SOURCE RECORDS →

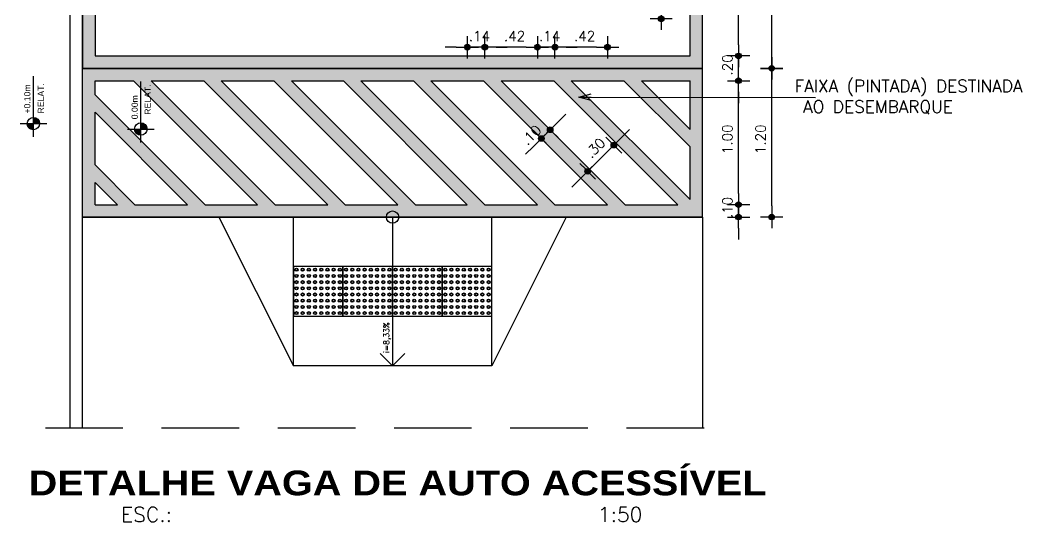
# Model space of a CAD drawing. Header units: millimetres. Extents: x 490 to 675, y -160 to -87.
# Drawn here: x 628.61 to 636.69, y -106.14 to -102.09 of the extents above; entities that cross this region are included whole.
import ezdxf
from ezdxf.enums import TextEntityAlignment as Align

# ---------------------------------------------------------------- set-up
doc = ezdxf.new("R2010")
doc.units = ezdxf.units.MM
doc.header["$LTSCALE"] = 2.5
doc.linetypes.add('DASHED2', pattern=[0.375, 0.25, -0.125])
for name, color, linetype in [('AN_ESPECS', 7, 'Continuous'), ('ARQ_CARROS', 5, 'Continuous'), ('ARQ_HAT', 8, 'Continuous'), ('ARQ_MEIO-FIO', 7, 'Continuous'), ('ARQ_PISO', 8, 'Continuous'), ('ARQ_PROJEÇÃO', 8, 'DASHED2'), ('COTAS', 1, 'Continuous'), ('TITULO', 2, 'Continuous')]:
    doc.layers.add(name, color=color, linetype=linetype)
doc.styles.add('ARIAL 1-025', font='arial.ttf', dxfattribs={"height": 0.05})
doc.styles.add('COTA200', font='ROMANS.SHX')
doc.styles.add('COTA50', font='ROMANS.shx')
doc.styles.add('COTAS', font='ROMANS.SHX')
doc.styles.add('TIT200', font='')
doc.styles.get('TIT200').set_extended_font_data('Arial Black')
doc.dimstyles.new('COTA50', dxfattribs={"dimtxt": 0.08, "dimasz": 0.09, "dimexe": 0.05, "dimexo": 0.95, "dimgap": 0.05, "dimtad": 1, "dimzin": 4, "dimdsep": 46, "dimtxsty": 'COTA50', "dimblk": 'bola', "dimcen": -0.1, "dimdle": 0.05, "dimse1": 1, "dimse2": 1, "dimclrd": 256, "dimclre": 3, "dimclrt": 2, "dimadec": 0, "dimazin": 0, "dimtfac": 1, "dimtix": 1, "dimtmove": 2, "dimatfit": 3, "dimldrblk": 'bola', "dimfxl": 1, "dimtvp": 1.25, "dimtolj": 1, "dimtzin": 4, "dimarcsym": 0})
doc.dimstyles.new('COTA50$7', dxfattribs={"dimtxt": 0.09, "dimasz": 0.1, "dimexe": 0.05, "dimexo": 0.95, "dimgap": 0.1, "dimtad": 1, "dimzin": 4, "dimdsep": 46, "dimtxsty": 'COTA50', "dimblk": 'USERTICK', "dimblk1": 'OPEN30', "dimblk2": 'OPEN30', "dimsah": 1, "dimcen": -0.1, "dimdle": 0.05, "dimse1": 1, "dimse2": 1, "dimclrd": 256, "dimclre": 3, "dimclrt": 2, "dimadec": 0, "dimazin": 0, "dimtfac": 1, "dimtix": 1, "dimtmove": 2, "dimatfit": 3, "dimldrblk": 'OPEN30', "dimfxl": 1, "dimtvp": 1.25, "dimtolj": 1, "dimtzin": 4, "dimarcsym": 0})

# ---------------------------------------------------------------- blocks, each defined once
blk = doc.blocks.new('A$C5EC93F3A')
for p, q in [((0, 5), (0, 0)), ((0, 0), (0, 5)), ((1.2, 5), (0, 5)), ((1.2, 0), (1.2, 5)), ((0.1, 4.5073), (0.1, 4.9)), ((1.0584, 4.9), (0.1, 3.9416)), ((0.4927, 4.9), (0.1, 4.9)), ((0.4927, 4.9), (0.1, 4.5073)), ((0.6341, 4.9), (0.1, 4.3659)), ((1.0584, 4.9), (0.6341, 4.9)), ((1.2, 4.9), (1.1998, 4.9)), ((1.1, 4.8002), (0.1, 3.8002)), ((1.1, 4.3759), (1.1, 4.8002)), ((1.1, 4.3759), (0.1, 3.3759)), ((0.1, 3.9416), (0.1, 4.3659)), ((1.1, 4.2345), (0.1, 3.2345)), ((1.1, 3.8102), (1.1, 4.2345)), ((1.1, 3.8102), (0.1, 2.8102)), ((0.1, 3.3759), (0.1, 3.8002)), ((1.1, 3.6688), (0.1, 2.6688)), ((1.1, 3.2445), (1.1, 3.6688)), ((1.1, 3.2445), (0.1, 2.2445)), ((0.1, 2.8102), (0.1, 3.2345)), ((1.1, 3.1031), (0.1, 2.1031)), ((1.1, 2.6843), (1.1, 3.1031)), ((1.1, 2.6843), (0.1, 1.6843)), ((0.1, 2.2445), (0.1, 2.6688)), ((1.1, 2.5429), (0.1, 1.5429)), ((1.1, 2.1186), (1.1, 2.5429)), ((1.1, 2.1186), (0.1, 1.1186)), ((0.1, 1.6843), (0.1, 2.1031)), ((1.1, 1.9772), (0.1, 0.9772)), ((1.1, 1.5529), (1.1, 1.9772)), ((1.1, 1.5529), (0.1, 0.5529)), ((0.1, 1.1186), (0.1, 1.5429)), ((1.1, 1.4115), (0.1, 0.4115)), ((1.1, 0.9873), (1.1, 1.4115)), ((0.1, 0.5529), (0.1, 0.9772)), ((1.1, 0.9873), (0.2127, 0.1)), ((1.1, 0.8458), (0.3542, 0.1)), ((1.1, 0.4216), (1.1, 0.8458)), ((0.1, 0.1), (0.1, 0.4115)), ((1.1, 0.4216), (0.7784, 0.1)), ((1.1, 0.2802), (0.9198, 0.1)), ((1.1, 0.1), (1.1, 0.2802)), ((0.2127, 0.1), (0.1, 0.1)), ((0.7784, 0.1), (0.3542, 0.1)), ((1.1, 0.1), (0.9198, 0.1)), ((1.2, 0), (0, 0))]:
    blk.add_line(p, q)
blk = doc.blocks.new('*X274')
at = {"color": 0}
for p, q in [((-83.418, 270.519), (-83.118, 270.519)), ((-83.418, 270.517), (-83.118, 270.517)), ((-83.418, 270.516), (-83.118, 270.516)), ((-83.418, 270.515), (-83.118, 270.515)), ((-83.418, 270.514), (-83.118, 270.514)), ((-83.418, 270.512), (-83.118, 270.512)), ((-83.418, 270.511), (-83.118, 270.511)), ((-83.418, 270.51), (-83.118, 270.51)), ((-83.418, 270.509), (-83.118, 270.509)), ((-83.418, 270.507), (-83.118, 270.507)), ((-83.418, 270.506), (-83.118, 270.506)), ((-83.418, 270.505), (-83.118, 270.505)), ((-83.418, 270.504), (-83.118, 270.504)), ((-83.418, 270.502), (-83.118, 270.502)), ((-83.418, 270.501), (-83.118, 270.501)), ((-83.418, 270.5), (-83.118, 270.5)), ((-83.418, 270.499), (-83.118, 270.499)), ((-83.418, 270.498), (-83.118, 270.498)), ((-83.418, 270.496), (-83.119, 270.496)), ((-83.418, 270.495), (-83.119, 270.495)), ((-83.418, 270.494), (-83.119, 270.494)), ((-83.418, 270.493), (-83.119, 270.493)), ((-83.418, 270.491), (-83.119, 270.491)), ((-83.418, 270.49), (-83.119, 270.49)), ((-83.418, 270.489), (-83.119, 270.489)), ((-83.418, 270.488), (-83.119, 270.488)), ((-83.418, 270.486), (-83.119, 270.486)), ((-83.418, 270.485), (-83.12, 270.485)), ((-83.418, 270.484), (-83.12, 270.484)), ((-83.418, 270.483), (-83.12, 270.483)), ((-83.418, 270.481), (-83.12, 270.481)), ((-83.418, 270.48), (-83.12, 270.48)), ((-83.418, 270.479), (-83.12, 270.479)), ((-83.418, 270.478), (-83.121, 270.478)), ((-83.418, 270.476), (-83.121, 270.476)), ((-83.418, 270.475), (-83.121, 270.475)), ((-83.418, 270.474), (-83.121, 270.474)), ((-83.418, 270.473), (-83.121, 270.473)), ((-83.418, 270.471), (-83.121, 270.471)), ((-83.418, 270.47), (-83.122, 270.47)), ((-83.418, 270.469), (-83.122, 270.469)), ((-83.418, 270.467), (-83.122, 270.467)), ((-83.418, 270.466), (-83.122, 270.466)), ((-83.418, 270.465), (-83.123, 270.465)), ((-83.418, 270.464), (-83.123, 270.464)), ((-83.418, 270.462), (-83.123, 270.462)), ((-83.418, 270.461), (-83.123, 270.461)), ((-83.418, 270.46), (-83.124, 270.46)), ((-83.418, 270.459), (-83.124, 270.459)), ((-83.418, 270.457), (-83.124, 270.457)), ((-83.418, 270.456), (-83.124, 270.456)), ((-83.418, 270.455), (-83.125, 270.455)), ((-83.418, 270.454), (-83.125, 270.454)), ((-83.418, 270.452), (-83.125, 270.452)), ((-83.418, 270.451), (-83.125, 270.451)), ((-83.418, 270.45), (-83.126, 270.45)), ((-83.418, 270.449), (-83.126, 270.449)), ((-83.418, 270.447), (-83.126, 270.447)), ((-83.418, 270.446), (-83.127, 270.446)), ((-83.418, 270.445), (-83.127, 270.445)), ((-83.418, 270.444), (-83.127, 270.444)), ((-83.418, 270.442), (-83.128, 270.442)), ((-83.418, 270.441), (-83.128, 270.441)), ((-83.418, 270.44), (-83.128, 270.44)), ((-83.418, 270.439), (-83.129, 270.439)), ((-83.418, 270.438), (-83.129, 270.438)), ((-83.418, 270.436), (-83.129, 270.436)), ((-83.418, 270.435), (-83.13, 270.435)), ((-83.418, 270.434), (-83.13, 270.434)), ((-83.418, 270.433), (-83.13, 270.433)), ((-83.418, 270.431), (-83.131, 270.431)), ((-83.418, 270.43), (-83.131, 270.43)), ((-83.418, 270.429), (-83.132, 270.429)), ((-83.418, 270.428), (-83.132, 270.428)), ((-83.418, 270.426), (-83.132, 270.426)), ((-83.418, 270.425), (-83.133, 270.425)), ((-83.418, 270.424), (-83.133, 270.424)), ((-83.418, 270.423), (-83.134, 270.423)), ((-83.418, 270.421), (-83.134, 270.421)), ((-83.418, 270.42), (-83.134, 270.42)), ((-83.418, 270.419), (-83.135, 270.419)), ((-83.418, 270.418), (-83.135, 270.418)), ((-83.418, 270.416), (-83.136, 270.416)), ((-83.418, 270.415), (-83.136, 270.415)), ((-83.418, 270.414), (-83.137, 270.414)), ((-83.418, 270.413), (-83.137, 270.413)), ((-83.418, 270.411), (-83.138, 270.411)), ((-83.418, 270.41), (-83.138, 270.41)), ((-83.418, 270.409), (-83.139, 270.409)), ((-83.418, 270.408), (-83.139, 270.408)), ((-83.418, 270.406), (-83.14, 270.406)), ((-83.418, 270.405), (-83.14, 270.405)), ((-83.418, 270.404), (-83.141, 270.404)), ((-83.418, 270.402), (-83.141, 270.402)), ((-83.418, 270.401), (-83.142, 270.401)), ((-83.418, 270.4), (-83.142, 270.4)), ((-83.418, 270.399), (-83.143, 270.399)), ((-83.418, 270.397), (-83.143, 270.397)), ((-83.418, 270.396), (-83.144, 270.396)), ((-83.418, 270.395), (-83.145, 270.395)), ((-83.418, 270.394), (-83.145, 270.394)), ((-83.418, 270.392), (-83.146, 270.392)), ((-83.418, 270.391), (-83.146, 270.391)), ((-83.418, 270.39), (-83.147, 270.39)), ((-83.418, 270.389), (-83.147, 270.389)), ((-83.418, 270.387), (-83.148, 270.387)), ((-83.418, 270.386), (-83.149, 270.386)), ((-83.418, 270.385), (-83.149, 270.385)), ((-83.418, 270.384), (-83.15, 270.384)), ((-83.418, 270.382), (-83.151, 270.382)), ((-83.418, 270.381), (-83.151, 270.381)), ((-83.418, 270.38), (-83.152, 270.38)), ((-83.418, 270.379), (-83.153, 270.379)), ((-83.418, 270.377), (-83.153, 270.377)), ((-83.418, 270.376), (-83.154, 270.376)), ((-83.418, 270.375), (-83.155, 270.375)), ((-83.418, 270.374), (-83.155, 270.374)), ((-83.418, 270.373), (-83.156, 270.373)), ((-83.418, 270.371), (-83.157, 270.371)), ((-83.418, 270.37), (-83.157, 270.37)), ((-83.418, 270.369), (-83.158, 270.369)), ((-83.418, 270.368), (-83.159, 270.368)), ((-83.418, 270.366), (-83.16, 270.366)), ((-83.418, 270.365), (-83.16, 270.365)), ((-83.418, 270.364), (-83.161, 270.364)), ((-83.418, 270.363), (-83.162, 270.363)), ((-83.418, 270.361), (-83.163, 270.361)), ((-83.418, 270.36), (-83.163, 270.36)), ((-83.418, 270.359), (-83.164, 270.359)), ((-83.418, 270.358), (-83.165, 270.358)), ((-83.418, 270.356), (-83.166, 270.356)), ((-83.418, 270.355), (-83.167, 270.355)), ((-83.418, 270.354), (-83.167, 270.354)), ((-83.418, 270.353), (-83.168, 270.353)), ((-83.418, 270.351), (-83.169, 270.351)), ((-83.418, 270.35), (-83.17, 270.35)), ((-83.418, 270.349), (-83.171, 270.349)), ((-83.418, 270.348), (-83.172, 270.348)), ((-83.418, 270.346), (-83.172, 270.346)), ((-83.418, 270.345), (-83.173, 270.345)), ((-83.418, 270.344), (-83.174, 270.344)), ((-83.418, 270.342), (-83.175, 270.342)), ((-83.418, 270.341), (-83.176, 270.341)), ((-83.418, 270.34), (-83.177, 270.34)), ((-83.418, 270.339), (-83.178, 270.339)), ((-83.418, 270.337), (-83.179, 270.337)), ((-83.418, 270.336), (-83.18, 270.336)), ((-83.418, 270.335), (-83.181, 270.335)), ((-83.418, 270.334), (-83.182, 270.334)), ((-83.418, 270.332), (-83.183, 270.332)), ((-83.418, 270.331), (-83.184, 270.331)), ((-83.418, 270.33), (-83.185, 270.33)), ((-83.418, 270.329), (-83.186, 270.329)), ((-83.418, 270.327), (-83.187, 270.327)), ((-83.418, 270.326), (-83.188, 270.326)), ((-83.418, 270.325), (-83.189, 270.325)), ((-83.418, 270.324), (-83.19, 270.324)), ((-83.418, 270.322), (-83.191, 270.322)), ((-83.418, 270.321), (-83.192, 270.321)), ((-83.418, 270.32), (-83.193, 270.32)), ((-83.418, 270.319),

PROBLEM →
Only the lines with the string "dimdsep" are wanted; pick them out of the records above and copy them.

ANSWER TO THIS EXERCISE →
doc.dimstyles.new('COTA50', dxfattribs={"dimtxt": 0.08, "dimasz": 0.09, "dimexe": 0.05, "dimexo": 0.95, "dimgap": 0.05, "dimtad": 1, "dimzin": 4, "dimdsep": 46, "dimtxsty": 'COTA50', "dimblk": 'bola', "dimcen": -0.1, "dimdle": 0.05, "dimse1": 1, "dimse2": 1, "dimclrd": 256, "dimclre": 3, "dimclrt": 2, "dimadec": 0, "dimazin": 0, "dimtfac": 1, "dimtix": 1, "dimtmove": 2, "dimatfit": 3, "dimldrblk": 'bola', "dimfxl": 1, "dimtvp": 1.25, "dimtolj": 1, "dimtzin": 4, "dimarcsym": 0})
doc.dimstyles.new('COTA50$7', dxfattribs={"dimtxt": 0.09, "dimasz": 0.1, "dimexe": 0.05, "dimexo": 0.95, "dimgap": 0.1, "dimtad": 1, "dimzin": 4, "dimdsep": 46, "dimtxsty": 'COTA50', "dimblk": 'USERTICK', "dimblk1": 'OPEN30', "dimblk2": 'OPEN30', "dimsah": 1, "dimcen": -0.1, "dimdle": 0.05, "dimse1": 1, "dimse2": 1, "dimclrd": 256, "dimclre": 3, "dimclrt": 2, "dimadec": 0, "dimazin": 0, "dimtfac": 1, "dimtix": 1, "dimtmove": 2, "dimatfit": 3, "dimldrblk": 'OPEN30', "dimfxl": 1, "dimtvp": 1.25, "dimtolj": 1, "dimtzin": 4, "dimarcsym": 0})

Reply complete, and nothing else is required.